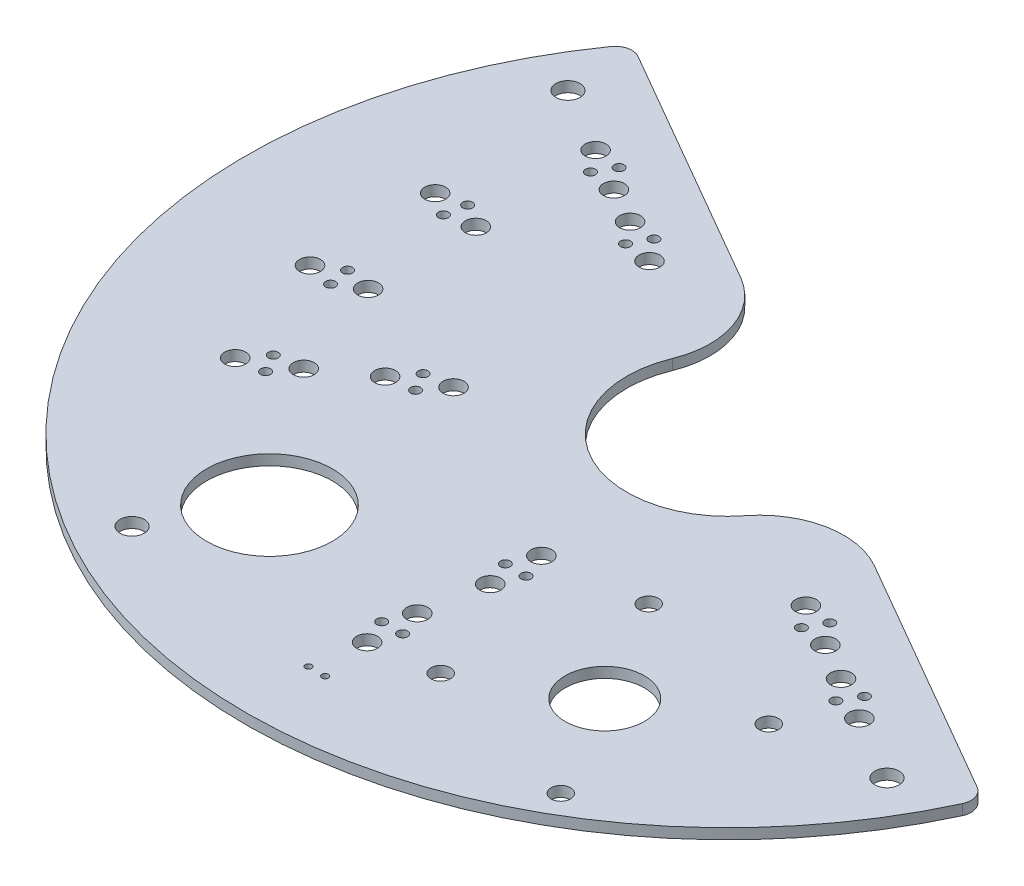
from build123d import *

# Parameters (mm, degrees)
SKETCH1_R           = 73.025
SKETCH1_R_2         = 15.24
SKETCH1_R_3         = 0.75
SKETCH1_R_4         = 1.585
SKETCH1_R_5         = 20
SKETCH1_R_6         = 9.525
SKETCH1_R_7         = 6
BOSS_EXTRUDE1_DEPTH = 1.5875
SKETCH2_R           = 1.8288
CUT_EXTRUDE1_DEPTH  = 104.285146107
CUT_EXTRUDE2_DEPTH  = 104.285146107
FILLET1_R           = 12.7
FILLET2_R           = 2.54
SKETCH4_R           = 0.4953
CUT_EXTRUDE3_DEPTH  = 104.285146107
SKETCH5_R           = 0.4953
SKETCH5_R_2         = 0.75
BOSS_EXTRUDE2_DEPTH = 0.1016
SKETCH6_R           = 1.4732
CUT_EXTRUDE4_DEPTH  = 104.285146107


with BuildPart() as part:
    # Sketch1 → Boss-Extrude1 (new body)
    with BuildSketch(Plane(origin=(0, 0, 0), x_dir=(1, 0, 0), z_dir=(0, 1, 0))):
        Circle(SKETCH1_R)
        Circle(SKETCH1_R_2, mode=Mode.SUBTRACT)
        with Locations((-1.585, 50.8)):
            Circle(SKETCH1_R_3, mode=Mode.SUBTRACT)
        with Locations((1.585, 50.8)):
            Circle(SKETCH1_R_3, mode=Mode.SUBTRACT)
        with Locations((0, 54.6)):
            Circle(SKETCH1_R_4, mode=Mode.SUBTRACT)
        with Locations((0, 47)):
            Circle(SKETCH1_R_4, mode=Mode.SUBTRACT)
        with Locations((47.284987047, 27.3)):
            Circle(SKETCH1_R_4, mode=Mode.SUBTRACT)
        with Locations((43.201590512, 26.772650265)):
            Circle(SKETCH1_R_3, mode=Mode.SUBTRACT)
        with Locations((44.786590512, 24.027349735)):
            Circle(SKETCH1_R_3, mode=Mode.SUBTRACT)
        with Locations((40.703193978, 23.5)):
            Circle(SKETCH1_R_4, mode=Mode.SUBTRACT)
        with Locations((47.284987047, -27.3)):
            Circle(SKETCH1_R_4, mode=Mode.SUBTRACT)
        with Locations((44.786590512, -24.027349735)):
            Circle(SKETCH1_R_3, mode=Mode.SUBTRACT)
        with Locations((43.201590512, -26.772650265)):
            Circle(SKETCH1_R_3, mode=Mode.SUBTRACT)
        with Locations((40.703193978, -23.5)):
            Circle(SKETCH1_R_4, mode=Mode.SUBTRACT)
        with Locations((0, -54.6)):
            Circle(SKETCH1_R_4, mode=Mode.SUBTRACT)
        with Locations((1.585, -50.8)):
            Circle(SKETCH1_R_3, mode=Mode.SUBTRACT)
        with Locations((-1.585, -50.8)):
            Circle(SKETCH1_R_3, mode=Mode.SUBTRACT)
        with Locations((0, -47)):
            Circle(SKETCH1_R_4, mode=Mode.SUBTRACT)
        with Locations((-47.284987047, -27.3)):
            Circle(SKETCH1_R_4, mode=Mode.SUBTRACT)
        with Locations((-43.201590512, -26.772650265)):
            Circle(SKETCH1_R_3, mode=Mode.SUBTRACT)
        with Locations((-44.786590512, -24.027349735)):
            Circle(SKETCH1_R_3, mode=Mode.SUBTRACT)
        with Locations((-40.703193978, -23.5)):
            Circle(SKETCH1_R_4, mode=Mode.SUBTRACT)
        with Locations((-47.284987047, 27.3)):
            Circle(SKETCH1_R_4, mode=Mode.SUBTRACT)
        with Locations((-44.786590512, 24.027349735)):
            Circle(SKETCH1_R_3, mode=Mode.SUBTRACT)
        with Locations((-43.201590512, 26.772650265)):
            Circle(SKETCH1_R_3, mode=Mode.SUBTRACT)
        with Locations((-40.703193978, 23.5)):
            Circle(SKETCH1_R_4, mode=Mode.SUBTRACT)
        with Locations((25.4, 43.994090512)):
            Circle(SKETCH1_R_5, mode=Mode.SUBTRACT)
        with Locations((-25.4, -43.994090512)):
            Circle(SKETCH1_R_6, mode=Mode.SUBTRACT)
        with Locations((25.4, -43.994090512)):
            Circle(SKETCH1_R_7, mode=Mode.SUBTRACT)
        with Locations((-46.285964392, 8.16146435)):
            Circle(SKETCH1_R_4, mode=Mode.SUBTRACT)
        with Locations((-50.303466215, 7.260407137)):
            Circle(SKETCH1_R_3, mode=Mode.SUBTRACT)
        with Locations((-49.753001491, 10.382247714)):
            Circle(SKETCH1_R_3, mode=Mode.SUBTRACT)
        with Locations((-53.770503314, 9.481190501)):
            Circle(SKETCH1_R_4, mode=Mode.SUBTRACT)
        with Locations((-46.285964392, -8.16146435)):
            Circle(SKETCH1_R_4, mode=Mode.SUBTRACT)
        with Locations((-49.753001491, -10.382247714)):
            Circle(SKETCH1_R_3, mode=Mode.SUBTRACT)
        with Locations((-50.303466215, -7.260407137)):
            Circle(SKETCH1_R_3, mode=Mode.SUBTRACT)
        with Locations((-53.770503314, -9.481190501)):
            Circle(SKETCH1_R_4, mode=Mode.SUBTRACT)
        with Locations((-29.397305699, -17.855276467)):
            Circle(SKETCH1_R_3, mode=Mode.SUBTRACT)
        with Locations((-31.002036221, -15.116847022)):
            Circle(SKETCH1_R_3, mode=Mode.SUBTRACT)
        with Locations((-33.503208801, -18.377965576)):
            Circle(SKETCH1_R_4, mode=Mode.SUBTRACT)
        with Locations((-26.914267425, -14.590346807)):
            Circle(SKETCH1_R_4, mode=Mode.SUBTRACT)
        with Locations((0.18310412, -33.841026905)):
            Circle(SKETCH1_R_3, mode=Mode.SUBTRACT)
        with Locations((3.356893615, -33.875899805)):
            Circle(SKETCH1_R_3, mode=Mode.SUBTRACT)
        with Locations((1.849768537, -30.052376234)):
            Circle(SKETCH1_R_4, mode=Mode.SUBTRACT)
        with Locations((1.702835812, -37.650969207)):
            Circle(SKETCH1_R_4, mode=Mode.SUBTRACT)
        with Locations((30.985856532, -19.788486735)):
            Circle(SKETCH1_R_3, mode=Mode.SUBTRACT)
        with Locations((32.50665139, -17.002568775)):
            Circle(SKETCH1_R_3, mode=Mode.SUBTRACT)
        with Locations((28.42312809, -16.538245649)):
            Circle(SKETCH1_R_4, mode=Mode.SUBTRACT)
        with Locations((35.063306729, -20.235302863)):
            Circle(SKETCH1_R_4, mode=Mode.SUBTRACT)
        with Locations((-32.704469206, 17.259289581)):
            Circle(SKETCH1_R_3, mode=Mode.SUBTRACT)
        with Locations((-31.183674349, 20.045207541)):
            Circle(SKETCH1_R_3, mode=Mode.SUBTRACT)
        with Locations((-35.267197648, 20.509530667)):
            Circle(SKETCH1_R_4, mode=Mode.SUBTRACT)
        with Locations((-28.627019009, 16.812473453)):
            Circle(SKETCH1_R_4, mode=Mode.SUBTRACT)
    extrude(amount=-BOSS_EXTRUDE1_DEPTH)

    # Sketch2 → Cut-Extrude1 (cut, through all)
    with BuildSketch(Plane(origin=(0, 0, 0), x_dir=(1, 0, 0), z_dir=(0, 1, 0))):
        with Locations((-57.192317666, 33.02)):
            Circle(SKETCH2_R)
        with Locations((33.02, 57.192317666)):
            Circle(SKETCH2_R)
        with Locations((57.192317666, -33.02)):
            Circle(SKETCH2_R)
        with Locations((-33.02, -57.192317666)):
            Circle(SKETCH2_R)
    extrude(amount=-CUT_EXTRUDE1_DEPTH, mode=Mode.SUBTRACT)

    # Sketch3 → Cut-Extrude2 (cut, through all)
    with BuildSketch(Plane(origin=(0, 0, 0), x_dir=(1, 0, 0), z_dir=(0, 1, 0))):
        with BuildLine():
            Line((-59.533825484, 44.637157955), (68.423825484, -29.239226276))
            ThreePointArc((68.423825484, -29.239226276), (37.204677955, 64.440392498), (-59.533825484, 44.637157955))
        make_face()
    extrude(amount=-CUT_EXTRUDE2_DEPTH, mode=Mode.SUBTRACT)

    # Fillet1
    fillet1_edges = [part.edges().sort_by_distance(p)[0] for p in [
        (15.165033815, -0.79375, -1.509751431),
        (-6.275033815, -0.79375, -13.888180249),
    ]]
    fillet(fillet1_edges, radius=FILLET1_R)

    # Fillet2
    fillet2_edges = [part.edges().sort_by_distance(p)[0] for p in [
        (67.216123088, -0.79375, 28.541958973),
        (-58.326123088, -0.79375, -43.939890652),
    ]]
    fillet(fillet2_edges, radius=FILLET2_R)

    # Sketch4 → Cut-Extrude3 (cut, through all)
    with BuildSketch(Plane(origin=(0, 0, 0), x_dir=(1, 0, 0), z_dir=(0, 1, 0))):
        with Locations((1.27, -62.23)):
            Circle(SKETCH4_R)
        with Locations((-1.27, -62.23)):
            Circle(SKETCH4_R)
    extrude(amount=-CUT_EXTRUDE3_DEPTH, mode=Mode.SUBTRACT)

    # Sketch5 → Boss-Extrude2 (add)
    # profile 1 of 10: a face of its own
    with BuildSketch(Plane.XZ.offset(1.5875)):
        with BuildLine():
            Line((34.490720839, 15.234132112), (45.023794735, 21.301797022))
            ThreePointArc((45.023794735, 21.301797022), (44.640302422, 22.09416322), (44.242866733, 22.879628318))
            ThreePointArc((44.242866733, 22.879628318), (44.194605568, 25.15093944), (46.040660753, 23.82683083))
            ThreePointArc((46.040660753, 23.82683083), (46.421042895, 23.076981746), (46.789213502, 22.321062023))
            Line((46.789213502, 22.321062023), (54.774266163, 26.931234326))
            ThreePointArc((54.774266163, 26.931234326), (32.789239067, 51.481816376), (1.245393112, 61.024262486))
            ThreePointArc((1.245393112, 61.024262486), (0.064262486, 62.254606888), (1.294606888, 63.435737514))
            ThreePointArc((1.294606888, 63.435737514), (34.873073505, 53.006014236), (57.7422016, 26.298421156))
            Line((57.7422016, 26.298421156), (28.012465947, 9.133950273))
            ThreePointArc((28.012465947, 9.133950273), (-12.042501731, 20.858224848), (-21.916465947, -19.692531996))
            Line((-21.916465947, -19.692531996), (-41.53590206, -31.019818717))
            ThreePointArc((-41.53590206, -31.019818717), (-42.622921376, -29.508420604), (-43.654971216, -27.958966385))
            ThreePointArc((-43.654971216, -27.958966385), (-43.878655247, -25.698181398), (-41.935772719, -26.875632368))
            ThreePointArc((-41.935772719, -26.875632368), (-41.454257835, -27.61255432), (-40.959794735, -28.340851504))
            Line((-40.959794735, -28.340851504), (-30.537815121, -22.27790388))
            Line((-30.537815121, -22.27790388), (-31.053590427, -21.385433264))
            ThreePointArc((-31.053590427, -21.385433264), (-31.761936541, -19.017766992), (-30.06523382, -20.814652539))
            Line((-30.06523382, -20.814652539), (-29.551271602, -21.703985881))
            Line((-29.551271602, -21.703985881), (-25.045535575, -19.082790815))
            ThreePointArc((-25.045535575, -19.082790815), (-13.264226318, 23.017060497), (29.071086472, 12.112106614))
            Line((29.071086472, 12.112106614), (33.500885608, 14.663929286))
            ThreePointArc((33.500885608, 14.663929286), (33.174864003, 15.236775822), (32.841290582, 15.805258023))
            ThreePointArc((32.841290582, 15.805258023), (31.60714545, 17.921497395), (33.747259191, 16.729232129))
            ThreePointArc((33.747259191, 16.729232129), (34.125009903, 15.984675603), (34.490720839, 15.234132112))
        make_face()
        with Locations((1.27, 62.23)):
            Circle(SKETCH5_R, mode=Mode.SUBTRACT)
        with Locations((44.786590512, 24.027349735)):
            Circle(SKETCH5_R_2, mode=Mode.SUBTRACT)
        with Locations((-43.201590512, -26.772650265)):
            Circle(SKETCH5_R_2, mode=Mode.SUBTRACT)
        with Locations((-31.173750375, -20.038911028)):
            Circle(SKETCH5_R_2, mode=Mode.SUBTRACT)
        with Locations((32.507430232, 16.993318336)):
            Circle(SKETCH5_R_2, mode=Mode.SUBTRACT)
    # profile 2 of 10: a face of its own
    with BuildSketch(Plane.XZ.offset(1.5875)):
        with BuildLine():
            Line((33.336492348, 26.169869047), (41.535902035, 31.019818701))
            ThreePointArc((41.535902035, 31.019818701), (42.622921339, 29.508420605), (43.654971168, 27.958966404))
            ThreePointArc((43.654971168, 27.958966404), (43.878655268, 25.698181412), (41.935772719, 26.875632368))
            ThreePointArc((41.935772719, 26.875632368), (41.454257835, 27.61255432), (40.959794735, 28.340851504))
            Line((40.959794735, 28.340851504), (32.479535914, 23.822017232))
            ThreePointArc((32.479535914, 23.822017232), (19.997147631, 34.964594161), (4.064, 40.073590583))
            Line((4.064, 40.073590583), (4.064, 49.642648525))
            ThreePointArc((4.064, 49.642648525), (3.186044586, 49.706717539), (2.307094012, 49.755260685))
            ThreePointArc((2.307094012, 49.755260685), (0.3159503, 50.849120845), (2.385689572, 51.785797245))
            ThreePointArc((2.385689572, 51.785797245), (4.243581194, 51.666742975), (6.095999999, 51.48105569))
            Line((6.095999999, 51.48105569), (6.095999999, 41.940702808))
            ThreePointArc((6.095999999, 41.940702808), (21.234645336, 36.677971665), (33.336492348, 26.169869047))
        make_face()
        with Locations((1.585, 50.8)):
            Circle(SKETCH5_R_2, mode=Mode.SUBTRACT)
        with Locations((43.201590512, 26.772650265)):
            Circle(SKETCH5_R_2, mode=Mode.SUBTRACT)
    # profile 3 of 10: a face of its own
    with BuildSketch(Plane.XZ.offset(1.5875)):
        with BuildLine():
            Line((-6.095999999, 38.638067239), (-6.095999999, 51.481055694))
            ThreePointArc((-6.095999999, 51.481055694), (-4.243581193, 51.666742978), (-2.38568957, 51.785797247))
            ThreePointArc((-2.38568957, 51.785797247), (-0.3159503, 50.849120844), (-2.307094012, 49.755260685))
            ThreePointArc((-2.307094012, 49.755260685), (-3.186044586, 49.706717539), (-4.064, 49.642648525))
            Line((-4.064, 49.642648525), (-4.064, 36.860642425))
            ThreePointArc((-4.064, 36.860642425), (-18.542, 32.115686074), (-29.89025274, 21.949848454))
            Line((-29.89025274, 21.949848454), (-40.959794734, 28.340851504))
            ThreePointArc((-40.959794734, 28.340851504), (-41.454257834, 27.612554318), (-41.935772719, 26.875632366))
            ThreePointArc((-41.935772719, 26.875632366), (-43.878655251, 25.698181402), (-43.654971208, 27.958966388))
            ThreePointArc((-43.654971208, 27.958966388), (-42.622921369, 29.508420604), (-41.535902055, 31.019818714))
            Line((-41.535902055, 31.019818714), (-30.413547783, 24.598324481))
            ThreePointArc((-30.413547783, 24.598324481), (-19.558, 33.875449694), (-6.095999999, 38.638067239))
        make_face()
        with Locations((-1.585, 50.8)):
            Circle(SKETCH5_R_2, mode=Mode.SUBTRACT)
        with Locations((-43.201590512, 26.772650265)):
            Circle(SKETCH5_R_2, mode=Mode.SUBTRACT)
    # profile 4 of 10: a face of its own
    with BuildSketch(Plane.XZ.offset(1.5875)):
        with BuildLine():
            ThreePointArc((-1.137328397, 61.026372169), (-0.059313178, 62.253645904), (-1.184427719, 63.437890349))
            ThreePointArc((-1.184427719, 63.437890349), (-54.638937722, 32.254538991), (-56.114446604, -29.613133627))
            ThreePointArc((-56.114446604, -29.613133627), (-54.535716158, -29.885091506), (-54.048929792, -28.358857598))
            ThreePointArc((-54.048929792, -28.358857598), (-52.52438099, 31.091815927), (-1.137328397, 61.026372169))
        make_face()
        with Locations((-1.27, 62.23)):
            Circle(SKETCH5_R, mode=Mode.SUBTRACT)
    # profile 5 of 10: a face of its own
    with BuildSketch(Plane.XZ.offset(1.5875)):
        with BuildLine():
            ThreePointArc((-48.598743805, -10.911954419), (-50.021744231, -9.141007471), (-50.584784003, -11.341954885))
            ThreePointArc((-50.584784003, -11.341954885), (-48.714342612, -17.730570692), (-46.040660761, -23.826830882))
            ThreePointArc((-46.040660761, -23.826830882), (-44.194605546, -25.150939428), (-44.242866733, -22.879628318))
            ThreePointArc((-44.242866733, -22.879628318), (-46.804887207, -17.035585761), (-48.598743805, -10.911954419))
        make_face()
        with Locations((-49.753001492, -10.382247714)):
            Circle(SKETCH5_R_2, mode=Mode.SUBTRACT)
        with Locations((-44.786590512, -24.027349735)):
            Circle(SKETCH5_R_2, mode=Mode.SUBTRACT)
    # profile 6 of 10: a face of its own
    with BuildSketch(Plane.XZ.offset(1.5875)):
        with BuildLine():
            ThreePointArc((-51.413325287, -6.643063764), (-50.131472618, -8.518706864), (-49.399989147, -6.367866276))
            ThreePointArc((-49.399989147, -6.367866276), (-49.808720609, 0), (-49.399989147, 6.367866277))
            ThreePointArc((-49.399989147, 6.367866277), (-50.131472619, 8.518706864), (-51.413325286, 6.643063762))
            ThreePointArc((-51.413325286, 6.643063762), (-51.840720608, -1e-09), (-51.413325287, -6.643063764))
        make_face()
        with Locations((-50.303466215, 7.260407137)):
            Circle(SKETCH5_R_2, mode=Mode.SUBTRACT)
        with Locations((-50.303466215, -7.260407137)):
            Circle(SKETCH5_R_2, mode=Mode.SUBTRACT)
    # profile 7 of 10: a face of its own
    with BuildSketch(Plane.XZ.offset(1.5875)):
        with BuildLine():
            ThreePointArc((-50.584784, 11.341954887), (-50.021744233, 9.141007472), (-48.598743805, 10.911954418))
            ThreePointArc((-48.598743805, 10.911954418), (-46.804887206, 17.035585761), (-44.242866731, 22.879628319))
            ThreePointArc((-44.242866731, 22.879628319), (-44.194605549, 25.15093943), (-46.04066076, 23.826830875))
            ThreePointArc((-46.04066076, 23.826830875), (-46.866502555, 22.158322389), (-47.631902057, 20.461236993))
            ThreePointArc((-47.631902057, 20.461236993), (-49.319566924, 15.96999159), (-50.584784, 11.341954887))
        make_face()
        with Locations((-44.786590512, 24.027349735)):
            Circle(SKETCH5_R_2, mode=Mode.SUBTRACT)
        with Locations((-49.753001492, 10.382247714)):
            Circle(SKETCH5_R_2, mode=Mode.SUBTRACT)
    # profile 8 of 10: a face of its own
    with BuildSketch(Plane.XZ.offset(1.5875)):
        with BuildLine():
            ThreePointArc((29.750286049, 20.294824353), (31.818786572, 18.884056056), (30.842384069, 21.189614503))
            ThreePointArc((30.842384069, 21.189614503), (19.436792184, 31.341447854), (4.523593019, 34.619211922))
            ThreePointArc((4.523593019, 34.619211922), (2.183689823, 33.970896872), (4.484099362, 33.193995769))
            ThreePointArc((4.484099362, 33.193995769), (18.709722164, 29.863769073), (29.750286049, 20.294824353))
        make_face()
        with Locations((3.354949812, 33.875033472)):
            Circle(SKETCH5_R_2, mode=Mode.SUBTRACT)
        with Locations((30.984541636, 19.78920211)):
            Circle(SKETCH5_R_2, mode=Mode.SUBTRACT)
    # profile 9 of 10: a face of its own
    with BuildSketch(Plane.XZ.offset(1.5875)):
        with BuildLine():
            ThreePointArc((-0.892844209, 32.974481926), (1.313564772, 33.515723797), (-0.44322017, 34.956171651))
            ThreePointArc((-0.44322017, 34.956171651), (-16.808276637, 30.222831543), (-29.697033, 19.082834184))
            ThreePointArc((-29.697033, 19.082834184), (-30.254991066, 16.880593019), (-28.158390528, 17.75549275))
            ThreePointArc((-28.158390528, 17.75549275), (-16.302373049, 28.548130039), (-0.892844209, 32.974481926))
        make_face()
        with Locations((-29.39844648, 17.849058536)):
            Circle(SKETCH5_R_2, mode=Mode.SUBTRACT)
        with Locations((0.184301483, 33.838710291)):
            Circle(SKETCH5_R_2, mode=Mode.SUBTRACT)
    # profile 10 of 10: a face of its own
    with BuildSketch(Plane.XZ.offset(1.5875)):
        with BuildLine():
            ThreePointArc((-31.336769265, 13.038282839), (-30.328093766, 16.217420137), (-32.984953468, 14.201127316))
            ThreePointArc((-32.984953468, 14.201127316), (-33.66330563, 12.920695881), (-34.330413979, 11.634370586))
            ThreePointArc((-34.330413979, 11.634370586), (-37.669342414, -2.643171748), (-33.915331162, -16.817234599))
            ThreePointArc((-33.915331162, -16.817234599), (-32.492330711, -18.588181541), (-31.929291004, -16.3872341))
            ThreePointArc((-31.929291004, -16.3872341), (-32.27952678, -15.643177599), (-32.64152132, -14.904770442))
            ThreePointArc((-32.64152132, -14.904770442), (-35.634138362, -0.763047218), (-31.336769265, 13.038282839))
        make_face()
        with Locations((-32.718295999, -17.260138496)):
            Circle(SKETCH5_R_2, mode=Mode.SUBTRACT)
        with Locations((-31.007036728, 15.122901043)):
            Circle(SKETCH5_R_2, mode=Mode.SUBTRACT)
    extrude(amount=BOSS_EXTRUDE2_DEPTH)

    # Sketch6 → Cut-Extrude4 (cut, through all)
    with BuildSketch(Plane.XZ.offset(1.5875)):
        with Locations((34.496852839, 59.750301818)):
            Circle(SKETCH6_R)
        with Locations((9.643788694, 53.090943351)):
            Circle(SKETCH6_R)
        with Locations((16.303147161, 28.237879206)):
            Circle(SKETCH6_R)
        with Locations((41.156211306, 34.897237673)):
            Circle(SKETCH6_R)
    extrude(amount=-CUT_EXTRUDE4_DEPTH, mode=Mode.SUBTRACT)


solid = part.part

▬▬▬

EXERCISE DIRECTIONS: Only the lines that contain the string "amount" are to be copied from the records.

YOUR RESPONSE:
    extrude(amount=-BOSS_EXTRUDE1_DEPTH)
    extrude(amount=-CUT_EXTRUDE1_DEPTH, mode=Mode.SUBTRACT)
    extrude(amount=-CUT_EXTRUDE2_DEPTH, mode=Mode.SUBTRACT)
    extrude(amount=-CUT_EXTRUDE3_DEPTH, mode=Mode.SUBTRACT)
    extrude(amount=BOSS_EXTRUDE2_DEPTH)
    extrude(amount=-CUT_EXTRUDE4_DEPTH, mode=Mode.SUBTRACT)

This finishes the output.